Ne Yakacağım Bir Roma Var Nede Yakmak İstediğim

NE YAKACAĞIM BİR ROMA VAR NEDE YAKMAK İSTEDİĞİM

Şu dünyada en kısa şey ne diye sorsak, vereceğimiz cevap belki de hayattır.

Göz açıp kapayıncaya kadar geçen hayat yolculuğunda üzüntüler, pişmanlıklar, sevinçler hepsi bir arada yaşanıyor.

İnsan zamanı hunharca harcıyor. Aslında harcadığının hayatı olduğunu bilseydi bu kadar rahat olamazdı.

Kitleleri güldüren, güldürürken düşündüren bir yönüyle de filozof diyebileceğimiz büyük usta Charlie Chaplin hayatı ne güzel anlatmış:

“Hayat ön provası yapılmamış bir tiyatro gösterisidir. Bu alkışı olamayan tiyatronun perdesi kapanmadan; Gülün, şarkı söyleyin, dans edin, aşık olun. Hayatınızın her anını değerlendirin…”

Hayat her anı ıskalanamayacak kadar değerli. Hayat yaşanmak için. Hayata hayat veren bizim hayata bakış açımız. Hayata hayat verecekte hayatı yok edecek olan da tarzımız, düşüncemiz, irademiz olacaktır.

Hayatın içinde yaşarken bahanelere sığınmamak lazım. Kim ne demiş, ne yapmış hiç umurumuzda olmamalı. Hayatı dolu dolu yaşamalı. Son perde inmeden, belimiz bükülmeden, son limana uğramadan, yaşandı ve bitti demeden hayatın güzelliklerine yelken açmalı.

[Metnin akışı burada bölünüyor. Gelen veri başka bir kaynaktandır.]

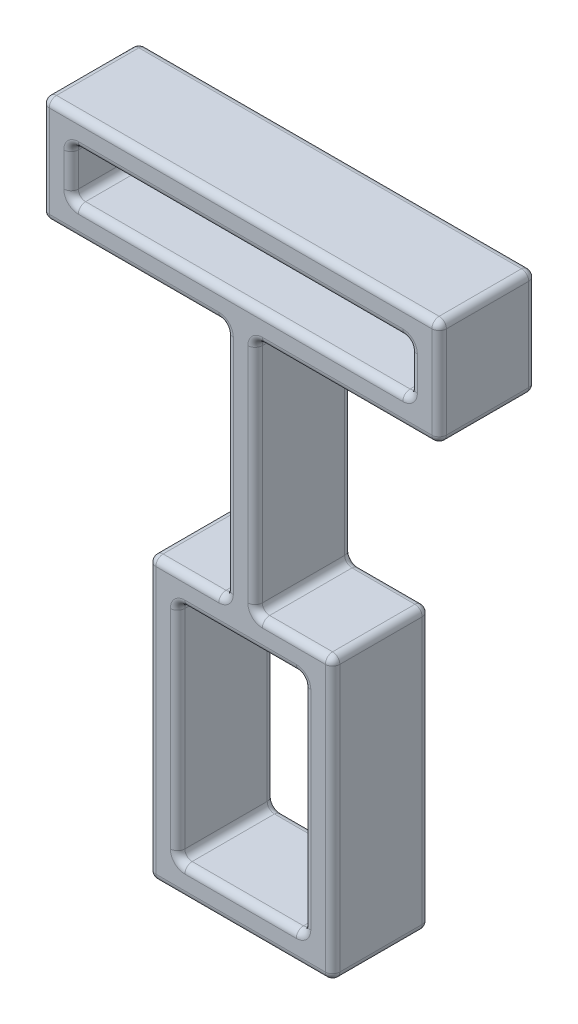
SolidWorks part; units mm, degrees
ref_plane "Front Plane" through (0, 0, 0) normal (0, 0, 1) x (1, 0, 0)
ref_plane "Top Plane" through (0, 0, 0) normal (0, 1, 0) x (1, 0, 0)
ref_plane "Right Plane" through (0, 0, 0) normal (1, 0, 0) x (0, 0, -1)
sketch "Sketch1" plane through (0, 0, 0) normal (0, 0, 1) x (1, 0, 0)
  line L0 (-20.5, 5.5) -> (20.5, 5.5)
  line L3 (-1.5, -5.5) -> (-1.5, -30)
  line L4 (-6.5, -33) -> (6.5, -33)
  line L5 (-9.5, -30) -> (-1.5, -30)
  line L6 (9.5, -30) -> (9.5, -59)
  line L7 (9.5, -59) -> (-9.5, -59)
  line L8 (-9.5, -30) -> (-9.5, -59)
  line L9 (6.5, -33) -> (6.5, -56)
  line L10 (6.5, -56) -> (-6.5, -56)
  line L11 (-6.5, -33) -> (6.5, -56) construction
  line L12 (6.5, -33) -> (-6.5, -56) construction
  line L13 (-6.5, -33) -> (-6.5, -56)
  line L16 (0, -5.5) -> (0, -30) construction
  line L17 (1.5, -5.5) -> (1.5, -30)
  line L19 (20.5, 5.5) -> (20.5, -5.5)
  line L20 (1.5, -30) -> (9.5, -30)
  line L21 (-9.5, -30) -> (9.5, -30) construction
  line L22 (-20.5, -5.5) -> (-1.5, -5.5)
  line L23 (-17.5, 2.5) -> (17.5, 2.5)
  line L24 (-17.5, 2.5) -> (-17.5, -2.5)
  line L25 (-17.5, -2.5) -> (17.5, -2.5)
  line L26 (17.5, 2.5) -> (17.5, -2.5)
  line L27 (-17.5, 2.5) -> (17.5, -2.5) construction
  line L28 (-17.5, -2.5) -> (17.5, 2.5) construction
  line L29 (-20.5, 5.5) -> (-20.5, -5.5)
  line L30 (-1.5, -5.5) -> (-1.5, -30) construction
  line L31 (1.5, -5.5) -> (20.5, -5.5)
  line L32 (-20.5, -5.5) -> (20.5, -5.5) construction
  point P4 (0, 0)
  point P5 (0, 0)
  point P6 (-1.4799, -7.7203)
  point P9 (0, 0)
  point P15 (0, -44.5)
  point P19 (0, 0)
  point P21 (17.9804, 3.4705)
  point P22 (0, 0)
  point P23 (0, 0)
  point P31 (0, 0)
  dimension "D3" = 1.5
  dimension "D4" = 23
  dimension "D2" = 3
  dimension "D5" = 24.5
  dimension "D6" = 13
  dimension "D9" = 5
  dimension "D10" = 35
  dimension "D1" = 3
  dimension "D8" = 1.5
extrude "Boss-Extrude1" add sketch "Sketch1" along normal blind 10
fillet "Fillet1" radius 0.75 60 edges at (0, -33, 10) (6.5, -44.5, 10) (-1.5, -17.75, 10) (0, -59, 10) (-9.5, -59, 5) (-9.5, -44.5, 10) (-6.5, -44.5, 0) (0, -56, 0) (6.5, -44.5, 0) (0, -33, 0) (-6.5, -44.5, 10) (0, -56, 10) (-6.5, -33, 5) (6.5, -56, 5) (-6.5, -56, 5) (-1.5, -17.75, 0) (-5.5, -30, 0) (-9.5, -44.5, 0) (0, -59, 0) (9.5, -44.5, 0) (5.5, -30, 0) (1.5, -17.75, 0) (-5.5, -30, 10) (9.5, -44.5, 10) (5.5, -30, 10) (1.5, -17.75, 10) (1.5, -30, 5) (9.5, -30, 5) (9.5, -59, 5) (-9.5, -30, 5) (-1.5, -30, 5) (6.5, -33, 5) (0, 5.5, 10) (11, -5.5, 10) (11, -5.5, 0) (0, 5.5, 0) (-11, -5.5, 10) (-1.5, -5.5, 5) (-11, -5.5, 0) (-20.5, 5.5, 5) (-20.5, 0, 10) (-20.5, -5.5, 5) (-20.5, 0, 0) (20.5, -5.5, 5) (20.5, 0, 10) (20.5, 5.5, 5) (20.5, 0, 0) (1.5, -5.5, 5) (0, 2.5, 10) (0, 2.5, 0) (0, -2.5, 10) (0, -2.5, 0) (-17.5, -2.5, 5) (-17.5, 0, 10) (-17.5, 2.5, 5) (-17.5, 0, 0) (17.5, 2.5, 5) (17.5, 0, 10) (17.5, -2.5, 5) (17.5, 0, 0)

Hayatı dolu dolu yaşarken geriye de iz bırakmalı. Gıpta ile bakılacak bir ömür sürerken gelecek nesillere emanet aldığımız dünyayı en güzel şekilde bırakmalıyız.

Bu duygu ve düşünceyle artık kısır çatışmalardan, gelip geçici kaygılardan uzak yaşamaya koşuyorum. Artık kendimle de kavgayı bıraktım. Ne kimseye bir şey anlatmak derdindeyim, ne de sana demiştim demek. Herkes eninde sonunda hak ettiğini alacak ve tadacak. Bundan böyle ne yakacağım bir Roma var ne de yakmak istediğim.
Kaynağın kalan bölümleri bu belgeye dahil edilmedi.